START PROVIDED RECORDS
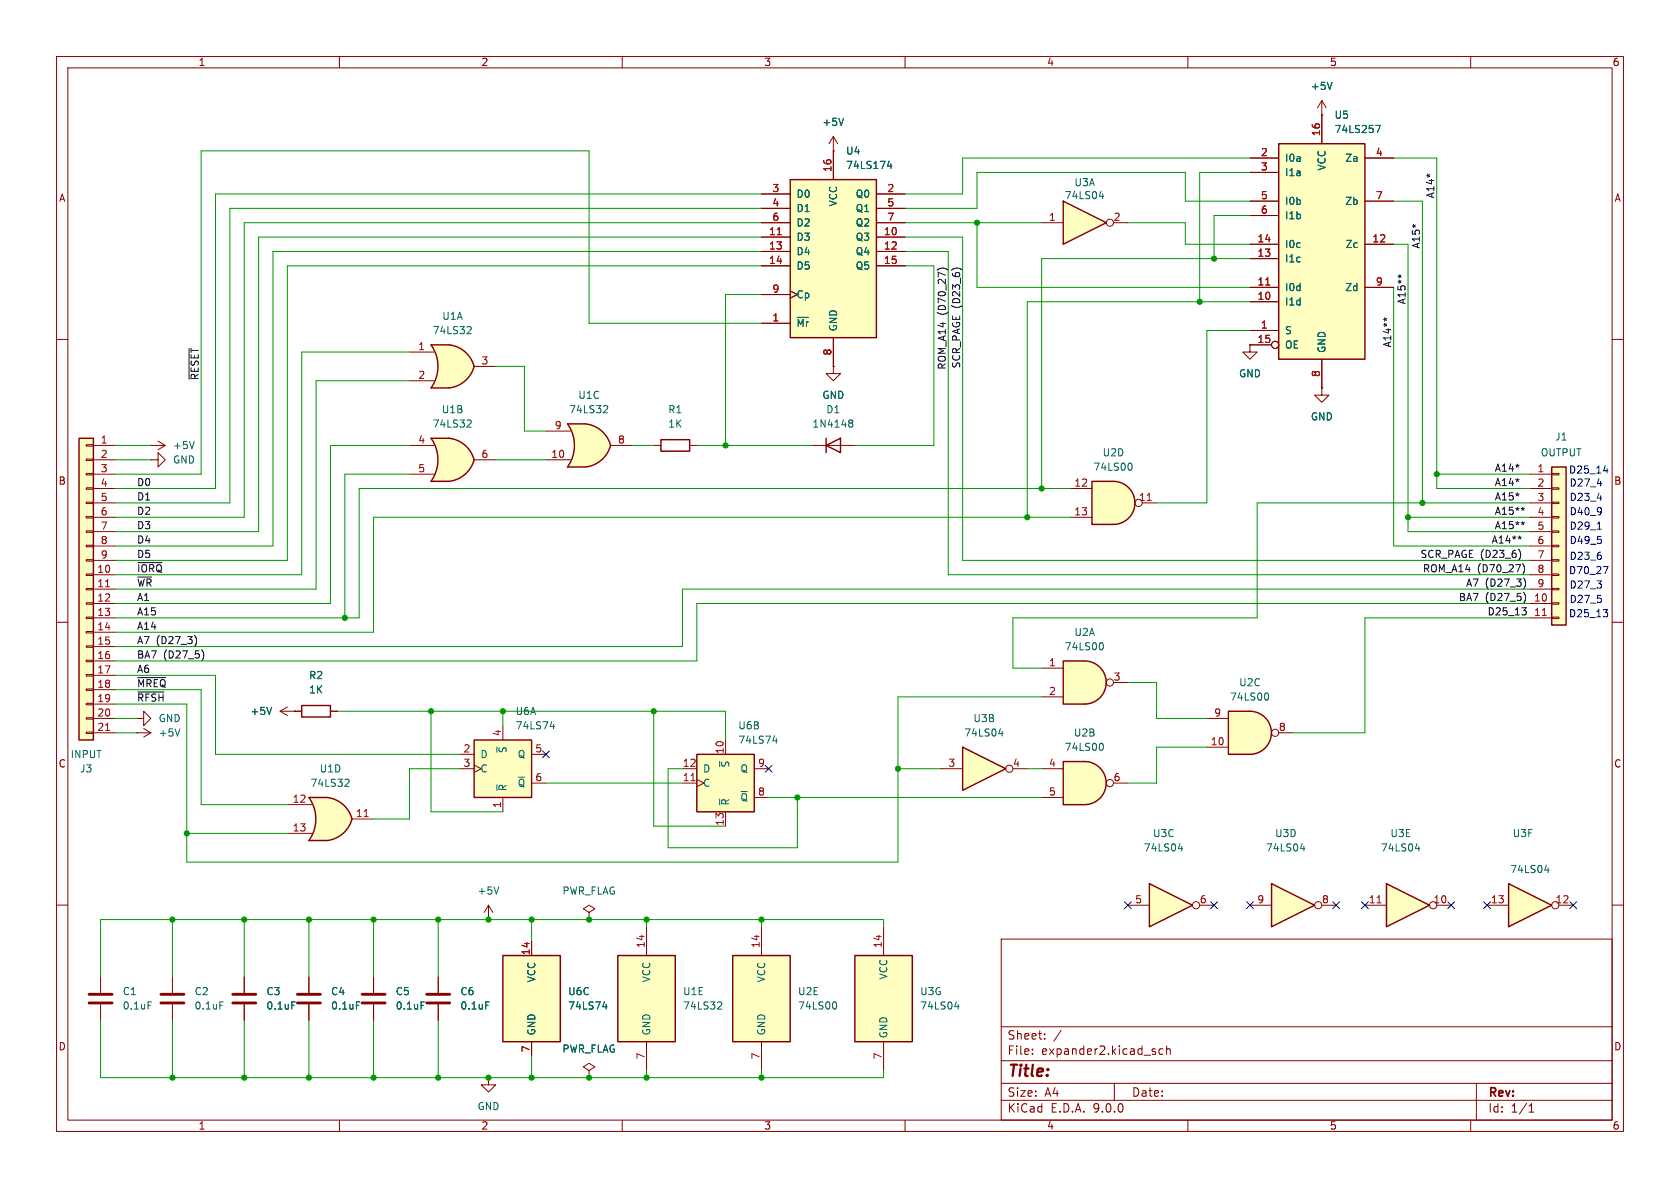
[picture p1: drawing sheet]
<svg xmlns="http://www.w3.org/2000/svg" width="297mm" height="210mm" viewBox="0 0 297 210" stroke-linecap="round" stroke-linejoin="round" font-family="sans-serif">
<g fill="none" stroke="#840000" stroke-width=".18">
<path d="M10 10h277v190h-277zM12 12h273v186h-273zM60 10v2M110 10v2M160 10v2M210 10v2M260 10v2M10 60h2M285 60h2M10 110h2M285 110h2M24.1 129.5h.1"/>
<path d="M24.1 129.5h2.6M25.4 128.8l1.3 .7M26.7 129.5l-1.3 .8M10 160h2M177 166h108v32h-108zM285 160h2M60 198v2M110 198v2M160 198v2M177 194.5h108M177 191.5h108M177 187.5h108"/>
<path d="M177 181.5h108M182.5 186.3v.1M182.5 185.5v.1M184.7 183.6v.1M184.7 182.8v.1M187.6 182.1l-1.3 2M197 191.5v3M205.6 185.5l-.4-.1-.3 .3v.4l.1 .2h.6M206.2 185.5l.3-.1 .3 .1 .1 .9M206.2 184.9v1.5M210 198v2M260 198v2"/>
<path d="M261 191.5v6.5M270.3 196.6h.9M270.3 195.5l.4-.4v1.5"/>
</g>
<path d="M31.8 128.8l-.4 1.3" fill="none" stroke="#006464" stroke-width=".18"/>
<path d="M188 35.6l7.6 3.8-7.6 3.8z" fill="#ffffc2"/>
<path d="M188 35.6l7.6 3.8-7.6 3.8z" fill="none" stroke="#840000" stroke-width=".25"/>
<g fill="none" stroke="#840000" stroke-width=".18">
<path d="M184.1 39.4h3.9M196.8 39.4h2.6"/>
<circle cx="196.2" cy="39.4" r=".63"/>
</g>
<path d="M194.3 34.7h.8M194.9 34.3v.8" fill="none" stroke="#006464" stroke-width=".18"/>
<path d="M203.2 156.2l7.6 3.8-7.6 3.8z" fill="#ffffc2"/>
<path d="M203.2 156.2l7.6 3.8-7.6 3.8z" fill="none" stroke="#840000" stroke-width=".25"/>
<g fill="none" stroke="#840000" stroke-width=".18">
<path d="M199.4 160h3.8M212.1 160h2.5"/>
<circle cx="211.5" cy="160" r=".63"/>
</g>
<path d="M208.3 150h.8M208.9 149.6v.8" fill="none" stroke="#006464" stroke-width=".18"/>
<path d="M226.1 25.4h15.2v38.1h-15.2z" fill="#ffffc2"/>
<path d="M226.1 25.4h15.2v38.1h-15.2z" fill="none" stroke="#840000" stroke-width=".25"/>
<g fill="none" stroke="#840000" stroke-width=".18">
<path d="M233.7 17.8v7.6M233.7 17.8l-.8 1.3M233.7 17.8l.7 1.3M221 27.9h5.1M221 30.5h5.1M221 35.6h5.1M221 38.1h5.1M233.7 20.3h.1M241.3 27.9h5.1M241.3 35.6h5.1M221 43.2h5.1M221 45.7h5.1"/>
<path d="M221 50.8h5.1M221 53.3h5.1M221 58.4h5.1M241.3 43.2h5.1M241.3 50.8h5.1M221 61v1.2h1.2l-1.2 1.3-1.3-1.3h1.3M221 61h.1M221 61h3.8M233.7 63.5v5.1"/>
<circle cx="225.4" cy="61" r=".63"/>
</g>
<path d="M223.8 50.4h.7" fill="none" stroke="#a90000" stroke-width=".18"/>
<path d="M235.5 14.5l-.4 1.3M243.2 22.2h.8l-.5 1.2" fill="none" stroke="#006464" stroke-width=".18"/>
<path d="M14 77.5h2.5v53.3h-2.5z" fill="#ffffc2"/>
<path d="M14 77.5h2.5v53.3h-2.5z" fill="none" stroke="#840000" stroke-width=".25"/>
<g fill="none" stroke="#840000" stroke-width=".18">
<path d="M15.2 78.6h1.3v.3h-1.3zM16.5 78.7h3.8M15.2 81.2h1.3v.2h-1.3zM15.2 83.7h1.3v.2h-1.3zM15.2 86.2h1.3v.3h-1.3zM15.2 88.8h1.3v.2h-1.3zM15.2 91.3h1.3v.3h-1.3zM15.2 93.9h1.3v.2h-1.3zM15.2 96.4h1.3v.2h-1.3zM15.2 98.9h1.3v.3h-1.3zM16.5 81.3h3.8M16.5 83.8h3.8"/>
<path d="M16.5 86.4h3.8M16.5 88.9h3.8M16.5 91.4h3.8M16.5 94h3.8M16.5 96.5h3.8M16.5 99.1h3.8M15.2 101.5h1.3v.2h-1.3zM15.2 104h1.3v.3h-1.3zM15.2 106.6h1.3v.2h-1.3zM15.2 109.1h1.3v.2h-1.3zM15.2 111.6h1.3v.3h-1.3zM15.2 114.2h1.3v.2h-1.3z"/>
<path d="M15.2 116.7h1.3v.3h-1.3zM15.2 119.3h1.3v.2h-1.3zM16.5 101.6h3.8M16.5 104.1h3.8M16.5 106.7h3.8M16.5 109.2h3.8M16.5 111.8h3.8M16.5 114.3h3.8M16.5 116.8h3.8M16.5 119.4h3.8M15.2 121.8h1.3v.2h-1.3zM15.2 124.3h1.3v.3h-1.3z"/>
<path d="M15.2 126.9h1.3v.2h-1.3zM15.2 129.4h1.3v.3h-1.3zM16.5 121.9h3.8M16.5 124.5h3.8M16.5 127h3.8M16.5 129.5h3.8"/>
</g>
<path d="M18.7 103.7h.7M18.7 129.1h.7" fill="none" stroke="#a90000" stroke-width=".18"/>
<path d="M123.2 133.4h10.1v10.1h-10.1z" fill="#ffffc2"/>
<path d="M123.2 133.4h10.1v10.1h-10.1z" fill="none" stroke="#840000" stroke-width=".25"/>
END PROVIDED RECORDS
_PROBLEM TO SOLVE_. Restate the data above word for word. Skip every picture.

_ANSWER TO THIS TASK_.
[picture p1: drawing sheet]
<svg xmlns="http://www.w3.org/2000/svg" width="297mm" height="210mm" viewBox="0 0 297 210" stroke-linecap="round" stroke-linejoin="round" font-family="sans-serif">
<g fill="none" stroke="#840000" stroke-width=".18">
<path d="M10 10h277v190h-277zM12 12h273v186h-273zM60 10v2M110 10v2M160 10v2M210 10v2M260 10v2M10 60h2M285 60h2M10 110h2M285 110h2M24.1 129.5h.1"/>
<path d="M24.1 129.5h2.6M25.4 128.8l1.3 .7M26.7 129.5l-1.3 .8M10 160h2M177 166h108v32h-108zM285 160h2M60 198v2M110 198v2M160 198v2M177 194.5h108M177 191.5h108M177 187.5h108"/>
<path d="M177 181.5h108M182.5 186.3v.1M182.5 185.5v.1M184.7 183.6v.1M184.7 182.8v.1M187.6 182.1l-1.3 2M197 191.5v3M205.6 185.5l-.4-.1-.3 .3v.4l.1 .2h.6M206.2 185.5l.3-.1 .3 .1 .1 .9M206.2 184.9v1.5M210 198v2M260 198v2"/>
<path d="M261 191.5v6.5M270.3 196.6h.9M270.3 195.5l.4-.4v1.5"/>
</g>
<path d="M31.8 128.8l-.4 1.3" fill="none" stroke="#006464" stroke-width=".18"/>
<path d="M188 35.6l7.6 3.8-7.6 3.8z" fill="#ffffc2"/>
<path d="M188 35.6l7.6 3.8-7.6 3.8z" fill="none" stroke="#840000" stroke-width=".25"/>
<g fill="none" stroke="#840000" stroke-width=".18">
<path d="M184.1 39.4h3.9M196.8 39.4h2.6"/>
<circle cx="196.2" cy="39.4" r=".63"/>
</g>
<path d="M194.3 34.7h.8M194.9 34.3v.8" fill="none" stroke="#006464" stroke-width=".18"/>
<path d="M203.2 156.2l7.6 3.8-7.6 3.8z" fill="#ffffc2"/>
<path d="M203.2 156.2l7.6 3.8-7.6 3.8z" fill="none" stroke="#840000" stroke-width=".25"/>
<g fill="none" stroke="#840000" stroke-width=".18">
<path d="M199.4 160h3.8M212.1 160h2.5"/>
<circle cx="211.5" cy="160" r=".63"/>
</g>
<path d="M208.3 150h.8M208.9 149.6v.8" fill="none" stroke="#006464" stroke-width=".18"/>
<path d="M226.1 25.4h15.2v38.1h-15.2z" fill="#ffffc2"/>
<path d="M226.1 25.4h15.2v38.1h-15.2z" fill="none" stroke="#840000" stroke-width=".25"/>
<g fill="none" stroke="#840000" stroke-width=".18">
<path d="M233.7 17.8v7.6M233.7 17.8l-.8 1.3M233.7 17.8l.7 1.3M221 27.9h5.1M221 30.5h5.1M221 35.6h5.1M221 38.1h5.1M233.7 20.3h.1M241.3 27.9h5.1M241.3 35.6h5.1M221 43.2h5.1M221 45.7h5.1"/>
<path d="M221 50.8h5.1M221 53.3h5.1M221 58.4h5.1M241.3 43.2h5.1M241.3 50.8h5.1M221 61v1.2h1.2l-1.2 1.3-1.3-1.3h1.3M221 61h.1M221 61h3.8M233.7 63.5v5.1"/>
<circle cx="225.4" cy="61" r=".63"/>
</g>
<path d="M223.8 50.4h.7" fill="none" stroke="#a90000" stroke-width=".18"/>
<path d="M235.5 14.5l-.4 1.3M243.2 22.2h.8l-.5 1.2" fill="none" stroke="#006464" stroke-width=".18"/>
<path d="M14 77.5h2.5v53.3h-2.5z" fill="#ffffc2"/>
<path d="M14 77.5h2.5v53.3h-2.5z" fill="none" stroke="#840000" stroke-width=".25"/>
<g fill="none" stroke="#840000" stroke-width=".18">
<path d="M15.2 78.6h1.3v.3h-1.3zM16.5 78.7h3.8M15.2 81.2h1.3v.2h-1.3zM15.2 83.7h1.3v.2h-1.3zM15.2 86.2h1.3v.3h-1.3zM15.2 88.8h1.3v.2h-1.3zM15.2 91.3h1.3v.3h-1.3zM15.2 93.9h1.3v.2h-1.3zM15.2 96.4h1.3v.2h-1.3zM15.2 98.9h1.3v.3h-1.3zM16.5 81.3h3.8M16.5 83.8h3.8"/>
<path d="M16.5 86.4h3.8M16.5 88.9h3.8M16.5 91.4h3.8M16.5 94h3.8M16.5 96.5h3.8M16.5 99.1h3.8M15.2 101.5h1.3v.2h-1.3zM15.2 104h1.3v.3h-1.3zM15.2 106.6h1.3v.2h-1.3zM15.2 109.1h1.3v.2h-1.3zM15.2 111.6h1.3v.3h-1.3zM15.2 114.2h1.3v.2h-1.3z"/>
<path d="M15.2 116.7h1.3v.3h-1.3zM15.2 119.3h1.3v.2h-1.3zM16.5 101.6h3.8M16.5 104.1h3.8M16.5 106.7h3.8M16.5 109.2h3.8M16.5 111.8h3.8M16.5 114.3h3.8M16.5 116.8h3.8M16.5 119.4h3.8M15.2 121.8h1.3v.2h-1.3zM15.2 124.3h1.3v.3h-1.3z"/>
<path d="M15.2 126.9h1.3v.2h-1.3zM15.2 129.4h1.3v.3h-1.3zM16.5 121.9h3.8M16.5 124.5h3.8M16.5 127h3.8M16.5 129.5h3.8"/>
</g>
<path d="M18.7 103.7h.7M18.7 129.1h.7" fill="none" stroke="#a90000" stroke-width=".18"/>
<path d="M123.2 133.4h10.1v10.1h-10.1z" fill="#ffffc2"/>
<path d="M123.2 133.4h10.1v10.1h-10.1z" fill="none" stroke="#840000" stroke-width=".25"/>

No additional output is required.